Sec. 38a-88a. Connecticut insurance reinvestment funds, authorized. Tax
credits. Regulations. (a) As used in this section:
(1) "Facility" means an insurance business facility;
(2) "Insurance business" means a business with a North American Industry Classification System code of 524113 to 524298, inclusive, that is engaged in the business of
insuring risks or of providing services necessary to the business of insuring risks;
(3) "New job" means a job that did not exist in the business of a subject insurance
business in this state prior to the subject insurance business's application to the commissioner for an eligibility certificate under this section for a new facility and that is filled
by a new employee, but does not include a job created when an employee is shifted
from an existing location of the subject insurance business in this state to a new facility;
(4) "New employee" means a person hired by a subject insurance business to fill a
position for a new job or a person shifted from an existing location of the subject insurance business outside this state to a new facility in this state, provided (A) in no case
shall the total number of new employees allowed for purposes of this credit exceed the
total increase in the taxpayer's employment in this state, which increase shall be the
difference between (i) the number of employees employed by the subject insurance
business in this state at the time of application for an eligibility certificate to the commissioner plus the number of new employees who would be eligible for inclusion under
the credit allowed under this section without regard to this calculation, and (ii) the highest
number of employees employed by the subject insurance business in this state in the
year preceding the subject insurance business's application for an eligibility certificate
to the commissioner and (B) a person shall be deemed to be a "new employee" only if
such person's duties in connection with the operation of the facility are on a regular,
full-time, or equivalent thereof, and permanent basis;
(5) "New facility" means a facility which (A) is acquired by, leased to, or constructed by, a subject insurance business on or after the date of the subject insurance
business's application to the commissioner for an eligibility certificate under this section, unless, upon application of the subject insurance business and upon good and
sufficient cause shown, the commissioner waives the requirement that such activity take
place after the application, and (B) was not in service or use during the one-year period
immediately prior to the date of the subject insurance business's application to said
commissioner for an eligibility certificate under this section, unless upon application
of the subject insurance business and upon good and sufficient cause shown, the commissioner consents to waiving the one-year period;
(6) "Related person" means (A) a corporation, limited liability company, partnership, association or trust controlled by the taxpayer or subject insurance business, as
the case may be, (B) an individual, corporation, limited liability company, partnership,
association or trust that is in control of the taxpayer or subject insurance business, as
the case may be, (C) a corporation, limited liability company, partnership, association
or trust controlled by an individual, corporation, limited liability company, partnership,
association or trust that is in control of the taxpayer or subject insurance business, as
the case may be, or (D) a member of the same controlled group as the taxpayer or subject
insurance business, as the case may be.
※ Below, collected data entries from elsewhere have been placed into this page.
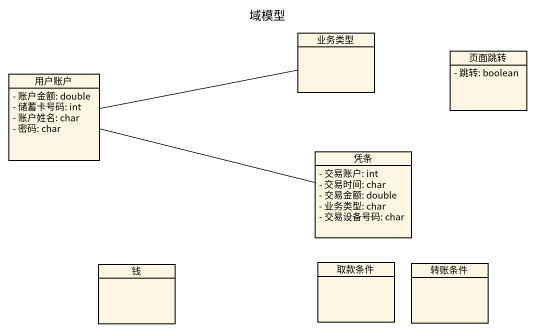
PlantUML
@startuml
title 域模型
hide circle
hide empty members
skinparam classAttributeIconSize 0
class 业务类型
class 用户账户 {
  - 账户金额: double
  - 储蓄卡号码: int
  - 账户姓名: char
  - 密码: char
}
class 页面跳转 {
  - 跳转: boolean
}
class 凭条 {
  - 交易账户: int
  - 交易时间: char
  - 交易金额: double
  - 业务类型: char
  - 交易设备号码: char
}
class 钱
class 取款条件
class 转账条件
用户账户 -right- 业务类型
用户账户 -right- 凭条
@enduml
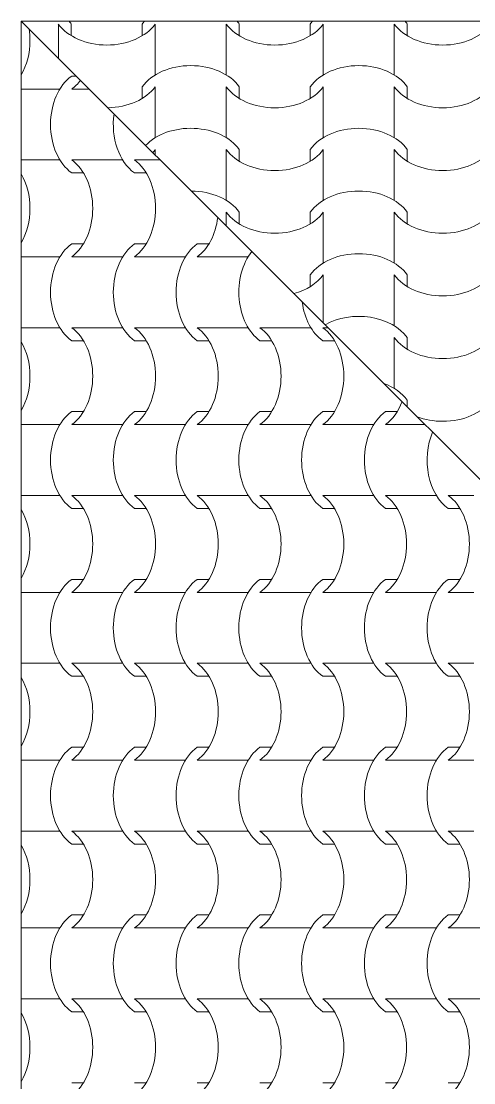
# Model space of a CAD drawing. Header units: millimetres. Extents: x -6000 to 12300, y -11438 to 14364.
# Drawn here: x 1200 to 1966, y 2239 to 4039 of the extents above; entities that cross this region are included whole.
import ezdxf

# ---------------------------------------------------------------- set-up
doc = ezdxf.new("R2010")
doc.units = ezdxf.units.MM
doc.header["$MEASUREMENT"] = 0
doc.layers.add('Shell - Roof', color=7, linetype='Continuous')
doc.layers.add('Shell - Roof_Pen_No__92', color=7, linetype='Continuous', lineweight=13, true_color=0xbf8080)

# ---------------------------------------------------------------- blocks, each defined once
blk = doc.blocks.new('*X4')
at = {"layer": 'Shell - Roof_Pen_No__92', "linetype": 'Continuous'}
for p, q in [((1292.9, 3945.7), (1285.4, 3945.7)), ((1222.2, 3923.7), (1200, 3923.7)), ((1265.3, 3923.7), (1222.2, 3923.7)), ((1314.9, 3923.7), (1285.4, 3923.7)), ((1222.2, 3803.5), (1200, 3803.5)), ((1265.3, 3803.5), (1222.2, 3803.5)), ((1328.5, 3803.5), (1285.4, 3803.5)), ((1371.6, 3803.5), (1328.5, 3803.5)), ((1434.8, 3803.5), (1391.7, 3803.5)), ((1435.2, 3803.5), (1434.8, 3803.5)), ((1305.2, 3781.5), (1285.4, 3781.5)), ((1411.5, 3781.5), (1391.7, 3781.5)), ((1305.2, 3661.2), (1285.4, 3661.2)), ((1411.5, 3661.2), (1391.7, 3661.2)), ((1517.8, 3661.2), (1498, 3661.2)), ((1222.2, 3639.2), (1200, 3639.2)), ((1265.3, 3639.2), (1222.2, 3639.2)), ((1328.5, 3639.2), (1285.4, 3639.2)), ((1371.6, 3639.2), (1328.5, 3639.2)), ((1434.8, 3639.2), (1391.7, 3639.2)), ((1477.9, 3639.2), (1434.8, 3639.2)), ((1541.1, 3639.2), (1498, 3639.2)), ((1584.2, 3639.2), (1541.1, 3639.2)), ((1222.2, 3519), (1200, 3519)), ((1265.3, 3519), (1222.2, 3519)), ((1328.5, 3519), (1285.4, 3519)), ((1371.6, 3519), (1328.5, 3519)), ((1434.8, 3519), (1391.7, 3519)), ((1477.9, 3519), (1434.8, 3519)), ((1541.1, 3519), (1498, 3519)), ((1584.2, 3519), (1541.1, 3519)), ((1647.4, 3519), (1604.3, 3519)), ((1690.5, 3519), (1647.4, 3519)), ((1719.6, 3519), (1710.6, 3519)), ((1305.2, 3497), (1285.4, 3497)), ((1411.5, 3497), (1391.7, 3497)), ((1517.8, 3497), (1498, 3497)), ((1624.1, 3497), (1604.3, 3497)), ((1730.4, 3497), (1710.6, 3497)), ((1305.2, 3376.7), (1285.4, 3376.7)), ((1411.5, 3376.7), (1391.7, 3376.7)), ((1517.8, 3376.7), (1498, 3376.7)), ((1624.1, 3376.7), (1604.3, 3376.7)), ((1730.4, 3376.7), (1710.6, 3376.7)), ((1836.7, 3376.7), (1816.9, 3376.7)), ((1222.2, 3354.7), (1200, 3354.7)), ((1265.3, 3354.7), (1222.2, 3354.7)), ((1328.5, 3354.7), (1285.4, 3354.7)), ((1371.6, 3354.7), (1328.5, 3354.7)), ((1434.8, 3354.7), (1391.7, 3354.7)), ((1477.9, 3354.7), (1434.8, 3354.7)), ((1541.1, 3354.7), (1498, 3354.7)), ((1584.2, 3354.7), (1541.1, 3354.7)), ((1647.4, 3354.7), (1604.3, 3354.7)), ((1690.5, 3354.7), (1647.4, 3354.7)), ((1753.7, 3354.7), (1710.6, 3354.7)), ((1796.8, 3354.7), (1753.7, 3354.7)), ((1860, 3354.7), (1816.9, 3354.7)), ((1883.9, 3354.7), (1860, 3354.7)), ((1222.2, 3234.5), (1200, 3234.5)), ((1265.3, 3234.5), (1222.2, 3234.5)), ((1328.5, 3234.5), (1285.4, 3234.5)), ((1371.6, 3234.5), (1328.5, 3234.5)), ((1434.8, 3234.5), (1391.7, 3234.5)), ((1477.9, 3234.5), (1434.8, 3234.5)), ((1541.1, 3234.5), (1498, 3234.5)), ((1584.2, 3234.5), (1541.1, 3234.5)), ((1647.4, 3234.5), (1604.3, 3234.5)), ((1690.5, 3234.5), (1647.4, 3234.5)), ((1753.7, 3234.5), (1710.6, 3234.5)), ((1796.8, 3234.5), (1753.7, 3234.5)), ((1860, 3234.5), (1816.9, 3234.5)), ((1903.1, 3234.5), (1860, 3234.5)), ((1966.3, 3234.5), (1923.2, 3234.5)), ((1305.2, 3212.5), (1285.4, 3212.5)), ((1411.5, 3212.5), (1391.7, 3212.5)), ((1517.8, 3212.5), (1498, 3212.5)), ((1624.1, 3212.5), (1604.3, 3212.5)), ((1730.4, 3212.5), (1710.6, 3212.5)), ((1836.7, 3212.5), (1816.9, 3212.5)), ((1943, 3212.5), (1923.2, 3212.5)), ((1305.2, 3092.3), (1285.4, 3092.3)), ((1411.5, 3092.3), (1391.7, 3092.3)), ((1517.8, 3092.3), (1498, 3092.3)), ((1624.1, 3092.3), (1604.3, 3092.3)), ((1730.4, 3092.3), (1710.6, 3092.3)), ((1836.7, 3092.3), (1816.9, 3092.3)), ((1943, 3092.3), (1923.2, 3092.3)), ((1222.2, 3070.3), (1200, 3070.3)), ((1265.3, 3070.3), (1222.2, 3070.3)), ((1328.5, 3070.3), (1285.4, 3070.3)), ((1371.6, 3070.3), (1328.5, 3070.3)), ((1434.8, 3070.3), (1391.7, 3070.3)), ((1477.9, 3070.3), (1434.8, 3070.3)), ((1541.1, 3070.3), (1498, 3070.3)), ((1584.2, 3070.3), (1541.1, 3070.3)), ((1647.4, 3070.3), (1604.3, 3070.3)), ((1690.5, 3070.3), (1647.4, 3070.3)), ((1753.7, 3070.3), (1710.6, 3070.3)), ((1796.8, 3070.3), (1753.7, 3070.3)), ((1860, 3070.3), (1816.9, 3070.3)), ((1903.1, 3070.3), (1860, 3070.3)), ((1966.3, 3070.3), (1923.2, 3070.3)), ((1222.2, 2950), (1200, 2950)), ((1265.3, 2950), (1222.2, 2950)), ((1328.5, 2950), (1285.4, 2950)), ((1371.6, 2950), (1328.5, 2950)), ((1434.8, 2950), (1391.7, 2950)), ((1477.9, 2950), (1434.8, 2950)), ((1541.1, 2950), (1498, 2950)), ((1584.2, 2950), (1541.1, 2950)), ((1647.4, 2950), (1604.3, 2950)), ((1690.5, 2950), (1647.4, 2950)), ((1753.7, 2950), (1710.6, 2950)), ((1796.8, 2950), (1753.7, 2950)), ((1860, 2950), (1816.9, 2950)), ((1903.1, 2950), (1860, 2950)), ((1966.3, 2950), (1923.2, 2950)), ((1305.2, 2928), (1285.4, 2928)), ((1411.5, 2928), (1391.7, 2928)), ((1517.8, 2928), (1498, 2928)), ((1624.1, 2928), (1604.3, 2928)), ((1730.4, 2928), (1710.6, 2928)), ((1836.7, 2928), (1816.9, 2928)), ((1943, 2928), (1923.2, 2928)), ((1305.2, 2807.8), (1285.4, 2807.8)), ((1411.5, 2807.8), (1391.7, 2807.8)), ((1517.8, 2807.8), (1498, 2807.8)), ((1624.1, 2807.8), (1604.3, 2807.8)), ((1730.4, 2807.8), (1710.6, 2807.8)), ((1836.7, 2807.8), (1816.9, 2807.8)), ((1943, 2807.8), (1923.2, 2807.8)), ((1222.2, 2785.8), (1200, 2785.8)), ((1265.3, 2785.8), (1222.2, 2785.8)), ((1328.5, 2785.8), (1285.4, 2785.8)), ((1371.6, 2785.8), (1328.5, 2785.8)), ((1434.8, 2785.8), (1391.7, 2785.8)), ((1477.9, 2785.8), (1434.8, 2785.8)), ((1541.1, 2785.8), (1498, 2785.8)), ((1584.2, 2785.8), (1541.1, 2785.8)), ((1647.4, 2785.8), (1604.3, 2785.8)), ((1690.5, 2785.8), (1647.4, 2785.8)), ((1753.7, 2785.8), (1710.6, 2785.8)), ((1796.8, 2785.8), (1753.7, 2785.8)), ((1860, 2785.8), (1816.9, 2785.8)), ((1903.1, 2785.8), (1860, 2785.8)), ((1966.3, 2785.8), (1923.2, 2785.8)), ((1222.2, 2665.5), (1200, 2665.5)), ((1265.3, 2665.5), (1222.2, 2665.5)), ((1328.5, 2665.5), (1285.4, 2665.5)), ((1371.6, 2665.5), (1328.5, 2665.5)), ((1434.8, 2665.5), (1391.7, 2665.5)), ((1477.9, 2665.5), (1434.8, 2665.5)), ((1541.1, 2665.5), (1498, 2665.5)), ((1584.2, 2665.5), (1541.1, 2665.5)), ((1647.4, 2665.5), (1604.3, 2665.5)), ((1690.5, 2665.5), (1647.4, 2665.5)), ((1753.7, 2665.5), (1710.6, 2665.5)), ((1796.8, 2665.5), (1753.7, 2665.5)), ((1860, 2665.5), (1816.9, 2665.5)), ((1903.1, 2665.5), (1860, 2665.5)), ((1966.3, 2665.5), (1923.2, 2665.5)), ((1305.2, 2643.5), (1285.4, 2643.5)), ((1411.5, 2643.5), (1391.7, 2643.5)), ((1517.8, 2643.5), (1498, 2643.5)), ((1624.1, 2643.5), (1604.3, 2643.5)), ((1730.4, 2643.5), (1710.6, 2643.5)), ((1836.7, 2643.5), (1816.9, 2643.5)), ((1943, 2643.5), (1923.2, 2643.5)), ((1305.2, 2523.3), (1285.4, 2523.3)), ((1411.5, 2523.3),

For purposes of this section, "control", with
respect to a corporation, means ownership, directly or indirectly, of stock possessing
fifty per cent or more of the total combined voting power of all classes of the stock of
such corporation entitled to vote. "Control", with respect to a trust, means ownership,
directly or indirectly, of fifty per cent or more of the beneficial interest in the principal
or income of such trust. The ownership of stock in a corporation, of a capital or profits
interest in a partnership or association or of a beneficial interest in a trust shall be determined in accordance with the rules for constructive ownership of stock provided in
Section 267(c) of the Internal Revenue Code of 1986, or any subsequent corresponding
internal revenue code of the United States, as from time to time amended, other than
paragraph (3) of such section;
(7) "Moneys of the taxpayer" means all amounts invested in a fund, directly or
indirectly, on behalf of a taxpayer, including but not limited to (A) direct investments
made by the taxpayer, and (B) loans made to the fund for the benefit of the taxpayer
which loans are guaranteed by the taxpayer, provided no amounts represented by any
such loan shall be used for the purpose of obtaining any tax credit by any person making
such loan against any tax levied by this state;
(8) "Income year" means (A) with respect to corporations subject to taxation under
chapter 208, the income year as determined under said chapter, (B) with respect to
insurance companies, hospital and medical services corporations subject to taxation
under chapter 207, the income year as determined under said chapter, and (C) with
respect to taxpayers subject to taxation under chapter 229, the taxable year determined
under said chapter;
(9) "Taxpayer" means any person as defined in section 12-1, whether or not subject
to any taxes levied by this state; and
(10) "Commissioner" means the Commissioner of Economic and Community Development.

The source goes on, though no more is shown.